DIRECTIONS FOR THIS TASK: Please restate every entry exactly. Leave out the pictures.

GIVEN DATA:
● ● ● ● ● ● ●
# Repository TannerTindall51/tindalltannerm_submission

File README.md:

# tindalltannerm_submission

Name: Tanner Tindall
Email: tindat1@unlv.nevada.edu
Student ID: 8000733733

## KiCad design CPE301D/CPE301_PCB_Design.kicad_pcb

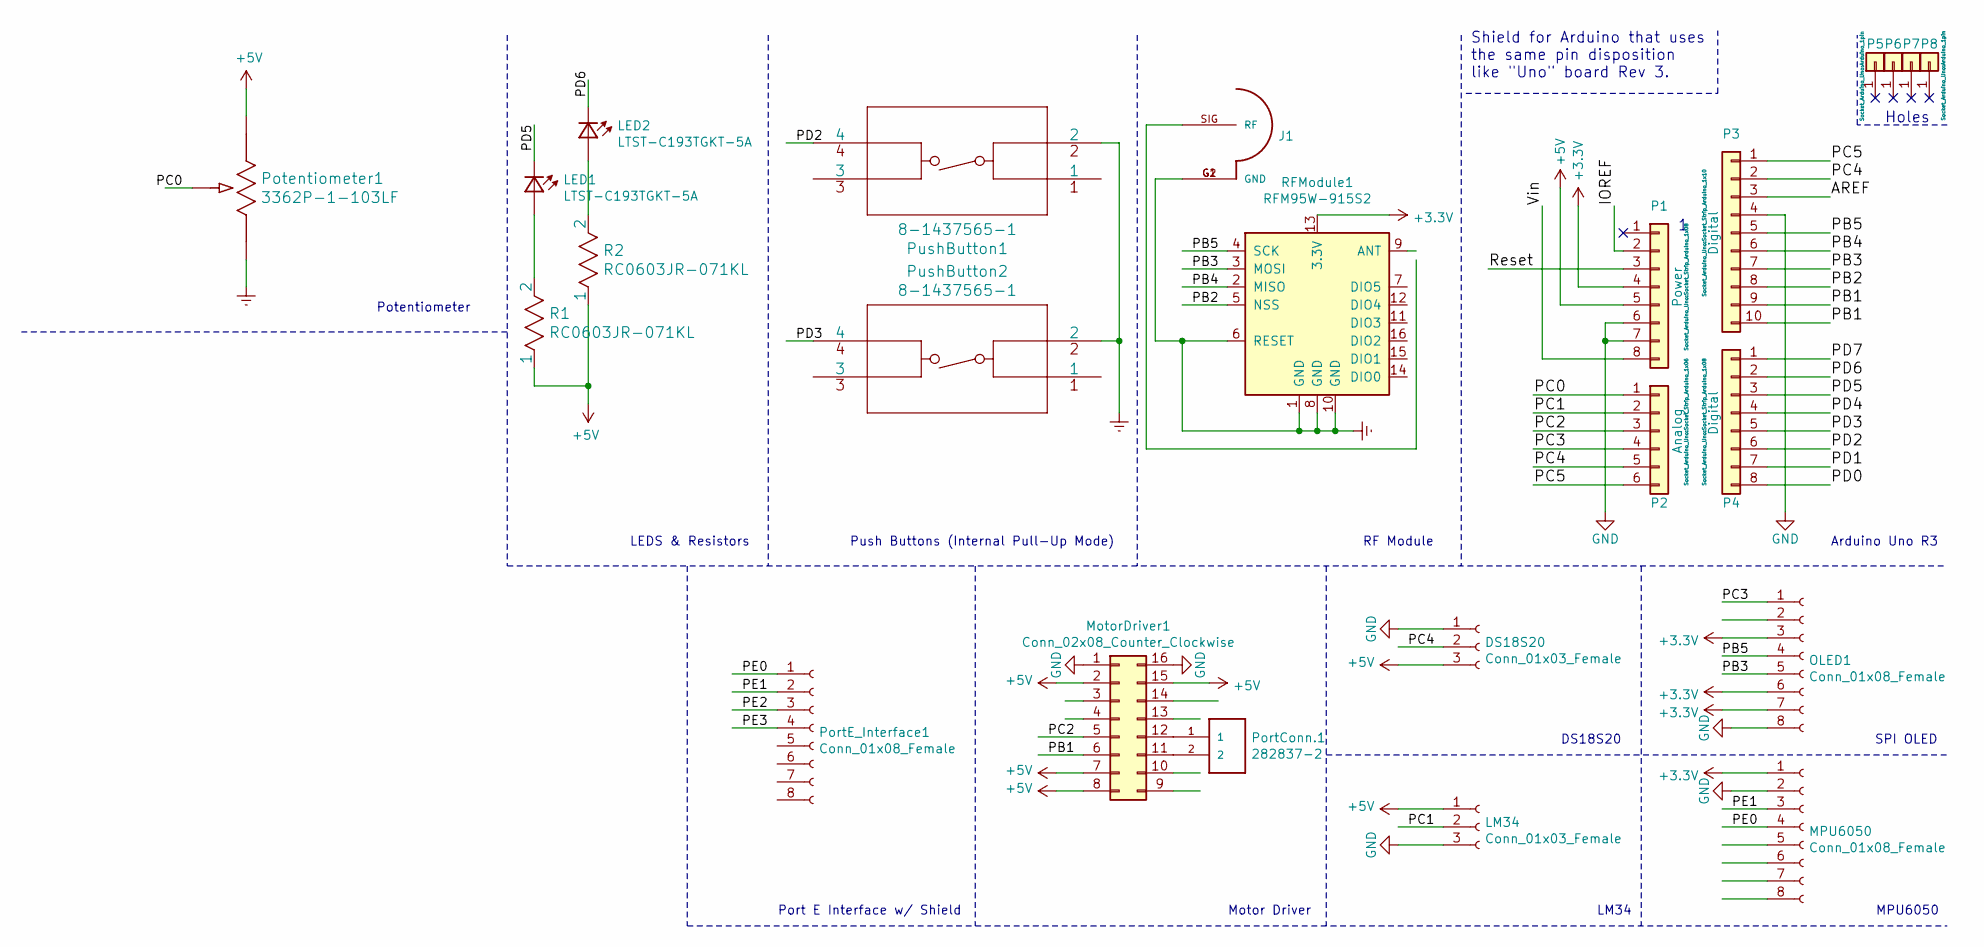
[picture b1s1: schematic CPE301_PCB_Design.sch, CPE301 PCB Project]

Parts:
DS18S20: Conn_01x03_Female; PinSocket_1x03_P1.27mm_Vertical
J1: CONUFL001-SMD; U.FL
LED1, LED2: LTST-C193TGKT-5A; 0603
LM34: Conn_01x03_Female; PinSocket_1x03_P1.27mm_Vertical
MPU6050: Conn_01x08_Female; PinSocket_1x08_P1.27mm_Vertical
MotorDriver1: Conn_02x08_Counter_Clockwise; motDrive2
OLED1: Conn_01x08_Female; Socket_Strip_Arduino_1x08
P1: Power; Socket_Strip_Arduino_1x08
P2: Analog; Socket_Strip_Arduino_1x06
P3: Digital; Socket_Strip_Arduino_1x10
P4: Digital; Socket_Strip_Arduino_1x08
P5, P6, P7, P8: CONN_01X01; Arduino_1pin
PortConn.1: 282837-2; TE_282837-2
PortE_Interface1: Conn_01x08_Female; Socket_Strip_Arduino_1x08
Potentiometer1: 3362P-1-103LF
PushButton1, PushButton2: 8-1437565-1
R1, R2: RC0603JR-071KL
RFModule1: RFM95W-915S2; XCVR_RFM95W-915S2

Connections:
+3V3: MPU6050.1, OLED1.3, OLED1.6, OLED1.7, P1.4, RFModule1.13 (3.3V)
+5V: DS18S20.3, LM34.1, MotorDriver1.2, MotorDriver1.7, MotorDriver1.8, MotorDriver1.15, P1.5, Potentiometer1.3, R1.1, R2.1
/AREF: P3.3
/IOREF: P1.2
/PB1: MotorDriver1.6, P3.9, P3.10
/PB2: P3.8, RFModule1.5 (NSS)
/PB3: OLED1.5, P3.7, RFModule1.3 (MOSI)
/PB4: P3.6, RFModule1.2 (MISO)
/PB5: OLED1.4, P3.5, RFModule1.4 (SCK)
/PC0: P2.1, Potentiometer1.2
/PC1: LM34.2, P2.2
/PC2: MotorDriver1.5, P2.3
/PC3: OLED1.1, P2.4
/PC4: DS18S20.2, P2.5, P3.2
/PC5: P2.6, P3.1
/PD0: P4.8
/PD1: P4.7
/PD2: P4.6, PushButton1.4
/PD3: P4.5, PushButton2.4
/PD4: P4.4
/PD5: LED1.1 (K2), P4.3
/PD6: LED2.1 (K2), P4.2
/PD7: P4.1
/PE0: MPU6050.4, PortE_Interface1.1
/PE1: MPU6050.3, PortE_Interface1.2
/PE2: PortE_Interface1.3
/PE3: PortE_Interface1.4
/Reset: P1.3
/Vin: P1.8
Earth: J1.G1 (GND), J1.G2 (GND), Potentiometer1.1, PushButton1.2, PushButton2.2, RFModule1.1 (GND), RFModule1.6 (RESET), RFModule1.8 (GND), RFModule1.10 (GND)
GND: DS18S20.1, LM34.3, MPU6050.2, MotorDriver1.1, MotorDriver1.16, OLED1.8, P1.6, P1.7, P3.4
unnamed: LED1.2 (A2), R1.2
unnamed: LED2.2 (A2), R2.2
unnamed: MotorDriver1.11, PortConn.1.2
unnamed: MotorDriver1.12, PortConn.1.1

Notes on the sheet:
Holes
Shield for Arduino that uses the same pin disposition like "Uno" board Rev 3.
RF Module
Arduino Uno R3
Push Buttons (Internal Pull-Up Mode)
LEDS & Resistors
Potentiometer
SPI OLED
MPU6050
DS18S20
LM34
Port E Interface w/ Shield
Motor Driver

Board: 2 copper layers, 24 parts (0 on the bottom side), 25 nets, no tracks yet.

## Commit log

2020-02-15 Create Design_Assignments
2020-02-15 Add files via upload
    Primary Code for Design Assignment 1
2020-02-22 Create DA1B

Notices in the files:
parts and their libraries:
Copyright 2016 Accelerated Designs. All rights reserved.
● ● ● ● ● ● ●
RESPONSE:
# Repository TannerTindall51/tindalltannerm_submission

File README.md:

# tindalltannerm_submission

Name: Tanner Tindall
Email: tindat1@unlv.nevada.edu
Student ID: 8000733733

## KiCad design CPE301D/CPE301_PCB_Design.kicad_pcb

[picture b1s1: schematic CPE301_PCB_Design.sch, CPE301 PCB Project]

Parts:
DS18S20: Conn_01x03_Female; PinSocket_1x03_P1.27mm_Vertical
J1: CONUFL001-SMD; U.FL
LED1, LED2: LTST-C193TGKT-5A; 0603
LM34: Conn_01x03_Female; PinSocket_1x03_P1.27mm_Vertical
MPU6050: Conn_01x08_Female; PinSocket_1x08_P1.27mm_Vertical
MotorDriver1: Conn_02x08_Counter_Clockwise; motDrive2
OLED1: Conn_01x08_Female; Socket_Strip_Arduino_1x08
P1: Power; Socket_Strip_Arduino_1x08
P2: Analog; Socket_Strip_Arduino_1x06
P3: Digital; Socket_Strip_Arduino_1x10
P4: Digital; Socket_Strip_Arduino_1x08
P5, P6, P7, P8: CONN_01X01; Arduino_1pin
PortConn.1: 282837-2; TE_282837-2
PortE_Interface1: Conn_01x08_Female; Socket_Strip_Arduino_1x08
Potentiometer1: 3362P-1-103LF
PushButton1, PushButton2: 8-1437565-1
R1, R2: RC0603JR-071KL
RFModule1: RFM95W-915S2; XCVR_RFM95W-915S2

Connections:
+3V3: MPU6050.1, OLED1.3, OLED1.6, OLED1.7, P1.4, RFModule1.13 (3.3V)
+5V: DS18S20.3, LM34.1, MotorDriver1.2, MotorDriver1.7, MotorDriver1.8, MotorDriver1.15, P1.5, Potentiometer1.3, R1.1, R2.1
/AREF: P3.3
/IOREF: P1.2
/PB1: MotorDriver1.6, P3.9, P3.10
/PB2: P3.8, RFModule1.5 (NSS)
/PB3: OLED1.5, P3.7, RFModule1.3 (MOSI)
/PB4: P3.6, RFModule1.2 (MISO)
/PB5: OLED1.4, P3.5, RFModule1.4 (SCK)
/PC0: P2.1, Potentiometer1.2
/PC1: LM34.2, P2.2
/PC2: MotorDriver1.5, P2.3
/PC3: OLED1.1, P2.4
/PC4: DS18S20.2, P2.5, P3.2
/PC5: P2.6, P3.1
/PD0: P4.8
/PD1: P4.7
/PD2: P4.6, PushButton1.4
/PD3: P4.5, PushButton2.4
/PD4: P4.4
/PD5: LED1.1 (K2), P4.3
/PD6: LED2.1 (K2), P4.2
/PD7: P4.1
/PE0: MPU6050.4, PortE_Interface1.1
/PE1: MPU6050.3, PortE_Interface1.2
/PE2: PortE_Interface1.3
/PE3: PortE_Interface1.4
/Reset: P1.3
/Vin: P1.8
Earth: J1.G1 (GND), J1.G2 (GND), Potentiometer1.1, PushButton1.2, PushButton2.2, RFModule1.1 (GND), RFModule1.6 (RESET), RFModule1.8 (GND), RFModule1.10 (GND)
GND: DS18S20.1, LM34.3, MPU6050.2, MotorDriver1.1, MotorDriver1.16, OLED1.8, P1.6, P1.7, P3.4
unnamed: LED1.2 (A2), R1.2
unnamed: LED2.2 (A2), R2.2
unnamed: MotorDriver1.11, PortConn.1.2
unnamed: MotorDriver1.12, PortConn.1.1

Notes on the sheet:
Holes
Shield for Arduino that uses the same pin disposition like "Uno" board Rev 3.
RF Module
Arduino Uno R3
Push Buttons (Internal Pull-Up Mode)
LEDS & Resistors
Potentiometer
SPI OLED
MPU6050
DS18S20
LM34
Port E Interface w/ Shield
Motor Driver

Board: 2 copper layers, 24 parts (0 on the bottom side), 25 nets, no tracks yet.

## Commit log

2020-02-15 Create Design_Assignments
2020-02-15 Add files via upload
    Primary Code for Design Assignment 1
2020-02-22 Create DA1B

Notices in the files:
parts and their libraries:
Copyright 2016 Accelerated Designs. All rights reserved.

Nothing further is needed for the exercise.